What to work on -
Give back exactly the lines of the material below, starting with the line with "#188=DIRECTION('',(1.,0.,0.));" and going on through the line with "#203=LINE('',#202,#201);".

# # # #

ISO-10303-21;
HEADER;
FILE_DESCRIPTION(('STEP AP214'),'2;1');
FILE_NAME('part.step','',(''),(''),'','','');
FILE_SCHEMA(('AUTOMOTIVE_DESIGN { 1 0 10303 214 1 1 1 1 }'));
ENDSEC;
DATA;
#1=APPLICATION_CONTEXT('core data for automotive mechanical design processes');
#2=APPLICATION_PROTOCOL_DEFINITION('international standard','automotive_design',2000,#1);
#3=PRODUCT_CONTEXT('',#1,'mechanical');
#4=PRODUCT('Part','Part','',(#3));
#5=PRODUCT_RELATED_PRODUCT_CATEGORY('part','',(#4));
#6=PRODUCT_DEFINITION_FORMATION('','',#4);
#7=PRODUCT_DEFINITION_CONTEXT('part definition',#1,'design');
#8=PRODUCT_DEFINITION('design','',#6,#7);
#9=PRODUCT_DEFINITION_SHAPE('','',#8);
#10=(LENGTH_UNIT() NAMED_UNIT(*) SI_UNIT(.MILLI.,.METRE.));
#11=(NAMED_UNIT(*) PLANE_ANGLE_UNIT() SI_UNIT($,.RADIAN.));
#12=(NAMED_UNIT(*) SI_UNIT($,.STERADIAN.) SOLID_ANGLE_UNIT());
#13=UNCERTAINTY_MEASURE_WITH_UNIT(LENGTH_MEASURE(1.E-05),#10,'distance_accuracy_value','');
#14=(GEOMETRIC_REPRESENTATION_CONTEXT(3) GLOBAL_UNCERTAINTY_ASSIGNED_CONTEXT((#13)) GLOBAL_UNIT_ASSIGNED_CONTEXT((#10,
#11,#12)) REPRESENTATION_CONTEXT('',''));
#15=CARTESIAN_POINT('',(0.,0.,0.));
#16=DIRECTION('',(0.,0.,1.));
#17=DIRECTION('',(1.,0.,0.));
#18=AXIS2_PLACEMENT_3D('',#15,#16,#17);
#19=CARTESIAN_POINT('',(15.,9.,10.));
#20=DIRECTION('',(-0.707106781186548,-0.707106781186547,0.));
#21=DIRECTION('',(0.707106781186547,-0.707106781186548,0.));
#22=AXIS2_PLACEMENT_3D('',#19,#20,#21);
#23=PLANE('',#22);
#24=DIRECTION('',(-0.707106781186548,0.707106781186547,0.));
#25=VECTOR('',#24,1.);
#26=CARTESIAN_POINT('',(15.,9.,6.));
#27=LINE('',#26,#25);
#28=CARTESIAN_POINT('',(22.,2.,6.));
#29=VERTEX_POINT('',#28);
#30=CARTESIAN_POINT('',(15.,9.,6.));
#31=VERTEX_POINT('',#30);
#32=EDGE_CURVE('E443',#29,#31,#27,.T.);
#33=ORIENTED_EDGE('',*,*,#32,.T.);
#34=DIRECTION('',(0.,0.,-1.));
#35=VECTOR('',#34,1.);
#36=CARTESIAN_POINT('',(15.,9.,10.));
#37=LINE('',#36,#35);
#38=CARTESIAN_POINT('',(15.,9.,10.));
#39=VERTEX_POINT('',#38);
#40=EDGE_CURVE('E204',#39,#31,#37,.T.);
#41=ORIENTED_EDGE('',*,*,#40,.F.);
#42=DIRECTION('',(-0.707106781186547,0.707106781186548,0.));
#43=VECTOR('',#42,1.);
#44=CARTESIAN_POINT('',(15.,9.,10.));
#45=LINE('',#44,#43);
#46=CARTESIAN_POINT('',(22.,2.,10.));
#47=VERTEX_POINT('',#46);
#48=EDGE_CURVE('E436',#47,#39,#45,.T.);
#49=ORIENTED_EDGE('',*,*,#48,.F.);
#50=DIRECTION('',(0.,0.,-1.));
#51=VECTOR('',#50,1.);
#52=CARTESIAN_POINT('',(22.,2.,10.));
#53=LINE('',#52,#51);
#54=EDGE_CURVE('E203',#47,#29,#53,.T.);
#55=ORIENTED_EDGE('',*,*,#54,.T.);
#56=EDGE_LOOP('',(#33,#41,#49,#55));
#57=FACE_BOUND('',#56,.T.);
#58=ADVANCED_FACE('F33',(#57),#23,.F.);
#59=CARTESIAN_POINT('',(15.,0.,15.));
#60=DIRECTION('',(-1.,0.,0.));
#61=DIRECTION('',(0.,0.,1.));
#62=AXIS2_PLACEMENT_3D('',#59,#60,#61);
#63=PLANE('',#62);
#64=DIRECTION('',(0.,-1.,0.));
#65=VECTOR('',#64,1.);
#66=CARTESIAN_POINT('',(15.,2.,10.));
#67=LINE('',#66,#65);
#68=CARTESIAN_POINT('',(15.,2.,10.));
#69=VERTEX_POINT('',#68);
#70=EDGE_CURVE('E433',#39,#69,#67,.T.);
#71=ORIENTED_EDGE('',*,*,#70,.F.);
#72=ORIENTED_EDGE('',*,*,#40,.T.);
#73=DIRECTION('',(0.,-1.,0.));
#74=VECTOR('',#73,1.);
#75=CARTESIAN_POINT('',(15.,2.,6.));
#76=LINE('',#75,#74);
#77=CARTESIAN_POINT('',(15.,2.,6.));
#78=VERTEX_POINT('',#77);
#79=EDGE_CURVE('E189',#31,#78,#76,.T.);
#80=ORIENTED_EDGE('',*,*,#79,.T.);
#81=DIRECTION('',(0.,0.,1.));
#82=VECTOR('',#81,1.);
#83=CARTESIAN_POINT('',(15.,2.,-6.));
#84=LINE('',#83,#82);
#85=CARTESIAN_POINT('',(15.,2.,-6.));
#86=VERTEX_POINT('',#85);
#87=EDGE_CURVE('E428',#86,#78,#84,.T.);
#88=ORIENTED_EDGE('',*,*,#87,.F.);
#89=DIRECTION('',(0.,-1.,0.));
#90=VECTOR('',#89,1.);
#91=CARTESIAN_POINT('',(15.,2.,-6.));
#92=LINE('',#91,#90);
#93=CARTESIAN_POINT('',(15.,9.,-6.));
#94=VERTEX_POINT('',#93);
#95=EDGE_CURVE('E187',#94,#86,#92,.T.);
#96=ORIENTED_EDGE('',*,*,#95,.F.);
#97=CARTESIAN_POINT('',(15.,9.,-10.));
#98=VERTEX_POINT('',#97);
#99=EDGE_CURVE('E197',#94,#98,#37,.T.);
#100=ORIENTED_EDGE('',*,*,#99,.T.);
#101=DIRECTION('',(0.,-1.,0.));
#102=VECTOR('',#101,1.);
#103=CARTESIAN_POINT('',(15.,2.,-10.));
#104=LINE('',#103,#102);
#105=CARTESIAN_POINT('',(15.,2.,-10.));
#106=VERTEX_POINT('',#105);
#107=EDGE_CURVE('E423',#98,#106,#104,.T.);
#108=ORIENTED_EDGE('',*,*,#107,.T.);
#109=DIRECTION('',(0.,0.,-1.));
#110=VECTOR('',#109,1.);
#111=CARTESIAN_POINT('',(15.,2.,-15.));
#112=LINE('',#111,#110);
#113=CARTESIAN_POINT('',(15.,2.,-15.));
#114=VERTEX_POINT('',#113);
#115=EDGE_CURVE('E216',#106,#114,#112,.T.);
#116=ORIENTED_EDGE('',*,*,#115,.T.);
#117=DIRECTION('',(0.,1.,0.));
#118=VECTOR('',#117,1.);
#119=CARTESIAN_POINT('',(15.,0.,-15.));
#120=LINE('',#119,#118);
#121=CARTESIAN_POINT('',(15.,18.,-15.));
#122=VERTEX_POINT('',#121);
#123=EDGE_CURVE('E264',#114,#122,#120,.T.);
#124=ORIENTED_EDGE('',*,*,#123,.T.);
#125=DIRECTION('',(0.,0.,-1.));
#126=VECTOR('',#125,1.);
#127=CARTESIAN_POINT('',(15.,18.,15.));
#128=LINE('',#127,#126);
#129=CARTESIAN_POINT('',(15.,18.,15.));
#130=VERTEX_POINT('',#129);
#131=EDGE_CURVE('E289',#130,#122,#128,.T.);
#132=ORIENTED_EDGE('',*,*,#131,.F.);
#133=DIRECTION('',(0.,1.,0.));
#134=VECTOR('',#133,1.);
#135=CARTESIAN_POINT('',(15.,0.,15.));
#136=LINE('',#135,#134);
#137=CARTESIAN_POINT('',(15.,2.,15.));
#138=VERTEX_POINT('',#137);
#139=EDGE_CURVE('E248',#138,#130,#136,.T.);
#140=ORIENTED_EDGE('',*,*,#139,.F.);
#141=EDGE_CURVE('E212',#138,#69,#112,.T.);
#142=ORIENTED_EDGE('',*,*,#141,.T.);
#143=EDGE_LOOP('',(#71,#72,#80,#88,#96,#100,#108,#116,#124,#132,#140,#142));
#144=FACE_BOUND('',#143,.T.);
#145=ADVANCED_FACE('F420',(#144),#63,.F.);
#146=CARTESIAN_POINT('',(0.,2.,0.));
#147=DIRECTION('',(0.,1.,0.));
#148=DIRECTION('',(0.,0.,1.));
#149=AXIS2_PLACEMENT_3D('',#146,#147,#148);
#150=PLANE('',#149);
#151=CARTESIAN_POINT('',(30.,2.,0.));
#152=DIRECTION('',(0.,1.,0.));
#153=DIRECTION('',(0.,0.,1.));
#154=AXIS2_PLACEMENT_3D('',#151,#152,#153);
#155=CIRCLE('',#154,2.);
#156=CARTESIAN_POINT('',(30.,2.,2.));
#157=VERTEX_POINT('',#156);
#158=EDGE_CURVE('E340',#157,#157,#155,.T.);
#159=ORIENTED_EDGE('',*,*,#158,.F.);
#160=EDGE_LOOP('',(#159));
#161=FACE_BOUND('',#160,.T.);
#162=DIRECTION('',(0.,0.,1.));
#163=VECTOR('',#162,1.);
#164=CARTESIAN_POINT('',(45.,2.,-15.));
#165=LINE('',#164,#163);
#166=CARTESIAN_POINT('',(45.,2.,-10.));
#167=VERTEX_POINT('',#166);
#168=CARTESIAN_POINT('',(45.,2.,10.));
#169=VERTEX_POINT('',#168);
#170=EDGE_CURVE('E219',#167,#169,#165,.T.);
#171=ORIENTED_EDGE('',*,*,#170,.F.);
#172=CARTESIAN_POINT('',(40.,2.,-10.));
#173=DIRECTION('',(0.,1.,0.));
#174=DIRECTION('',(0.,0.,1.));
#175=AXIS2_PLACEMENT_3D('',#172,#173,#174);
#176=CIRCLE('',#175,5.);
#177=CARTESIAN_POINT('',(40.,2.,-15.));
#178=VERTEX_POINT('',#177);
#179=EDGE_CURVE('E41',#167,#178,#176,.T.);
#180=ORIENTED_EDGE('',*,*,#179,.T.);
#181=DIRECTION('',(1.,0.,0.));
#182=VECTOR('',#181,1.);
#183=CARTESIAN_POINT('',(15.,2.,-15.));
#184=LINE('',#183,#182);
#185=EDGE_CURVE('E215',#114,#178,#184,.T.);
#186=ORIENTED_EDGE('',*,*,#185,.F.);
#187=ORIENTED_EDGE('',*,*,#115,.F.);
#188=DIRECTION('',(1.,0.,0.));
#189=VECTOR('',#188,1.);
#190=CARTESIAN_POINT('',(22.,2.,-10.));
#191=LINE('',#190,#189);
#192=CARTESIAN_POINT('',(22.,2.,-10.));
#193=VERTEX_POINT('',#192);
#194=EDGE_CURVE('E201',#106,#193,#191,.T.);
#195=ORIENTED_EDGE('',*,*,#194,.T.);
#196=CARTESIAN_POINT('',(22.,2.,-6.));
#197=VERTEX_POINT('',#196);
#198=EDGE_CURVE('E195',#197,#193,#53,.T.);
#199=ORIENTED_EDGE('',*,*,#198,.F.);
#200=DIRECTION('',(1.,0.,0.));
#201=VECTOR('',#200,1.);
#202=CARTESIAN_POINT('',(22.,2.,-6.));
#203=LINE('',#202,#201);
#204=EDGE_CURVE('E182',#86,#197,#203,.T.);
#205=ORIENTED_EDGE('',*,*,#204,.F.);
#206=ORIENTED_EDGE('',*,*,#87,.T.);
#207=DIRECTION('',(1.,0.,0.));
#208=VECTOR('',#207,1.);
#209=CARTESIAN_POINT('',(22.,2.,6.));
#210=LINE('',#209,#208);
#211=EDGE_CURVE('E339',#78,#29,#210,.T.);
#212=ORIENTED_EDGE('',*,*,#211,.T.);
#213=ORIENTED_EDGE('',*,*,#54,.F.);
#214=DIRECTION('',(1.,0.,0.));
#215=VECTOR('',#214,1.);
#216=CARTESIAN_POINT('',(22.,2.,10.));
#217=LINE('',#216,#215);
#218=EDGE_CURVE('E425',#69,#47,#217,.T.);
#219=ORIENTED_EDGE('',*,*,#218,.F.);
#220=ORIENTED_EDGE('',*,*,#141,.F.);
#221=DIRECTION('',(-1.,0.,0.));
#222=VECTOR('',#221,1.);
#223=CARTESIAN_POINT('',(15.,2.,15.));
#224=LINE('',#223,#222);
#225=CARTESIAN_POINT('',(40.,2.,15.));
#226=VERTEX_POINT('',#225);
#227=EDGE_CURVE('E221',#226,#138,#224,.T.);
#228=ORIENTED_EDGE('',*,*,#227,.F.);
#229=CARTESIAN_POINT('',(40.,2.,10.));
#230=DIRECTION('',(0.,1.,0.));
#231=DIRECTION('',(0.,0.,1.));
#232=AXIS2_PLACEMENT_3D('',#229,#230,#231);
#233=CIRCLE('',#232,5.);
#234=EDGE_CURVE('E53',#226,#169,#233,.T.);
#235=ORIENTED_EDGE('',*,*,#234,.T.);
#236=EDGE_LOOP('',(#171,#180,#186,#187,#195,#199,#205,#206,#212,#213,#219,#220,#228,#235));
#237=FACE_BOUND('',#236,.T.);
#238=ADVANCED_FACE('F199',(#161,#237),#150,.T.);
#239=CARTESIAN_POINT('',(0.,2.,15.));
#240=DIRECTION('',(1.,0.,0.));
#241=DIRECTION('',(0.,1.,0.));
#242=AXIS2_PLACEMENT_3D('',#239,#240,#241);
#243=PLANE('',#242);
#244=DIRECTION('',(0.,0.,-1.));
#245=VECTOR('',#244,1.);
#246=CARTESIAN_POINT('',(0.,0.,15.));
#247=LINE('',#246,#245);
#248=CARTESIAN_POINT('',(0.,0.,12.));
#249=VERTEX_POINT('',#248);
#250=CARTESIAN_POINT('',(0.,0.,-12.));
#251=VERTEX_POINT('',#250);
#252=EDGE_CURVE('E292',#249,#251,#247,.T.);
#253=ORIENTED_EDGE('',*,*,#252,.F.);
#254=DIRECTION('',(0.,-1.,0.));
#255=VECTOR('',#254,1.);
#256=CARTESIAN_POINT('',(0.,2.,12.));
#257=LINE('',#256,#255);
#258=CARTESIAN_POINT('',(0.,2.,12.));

# # # #

Result -
#188=DIRECTION('',(1.,0.,0.));
#189=VECTOR('',#188,1.);
#190=CARTESIAN_POINT('',(22.,2.,-10.));
#191=LINE('',#190,#189);
#192=CARTESIAN_POINT('',(22.,2.,-10.));
#193=VERTEX_POINT('',#192);
#194=EDGE_CURVE('E201',#106,#193,#191,.T.);
#195=ORIENTED_EDGE('',*,*,#194,.T.);
#196=CARTESIAN_POINT('',(22.,2.,-6.));
#197=VERTEX_POINT('',#196);
#198=EDGE_CURVE('E195',#197,#193,#53,.T.);
#199=ORIENTED_EDGE('',*,*,#198,.F.);
#200=DIRECTION('',(1.,0.,0.));
#201=VECTOR('',#200,1.);
#202=CARTESIAN_POINT('',(22.,2.,-6.));
#203=LINE('',#202,#201);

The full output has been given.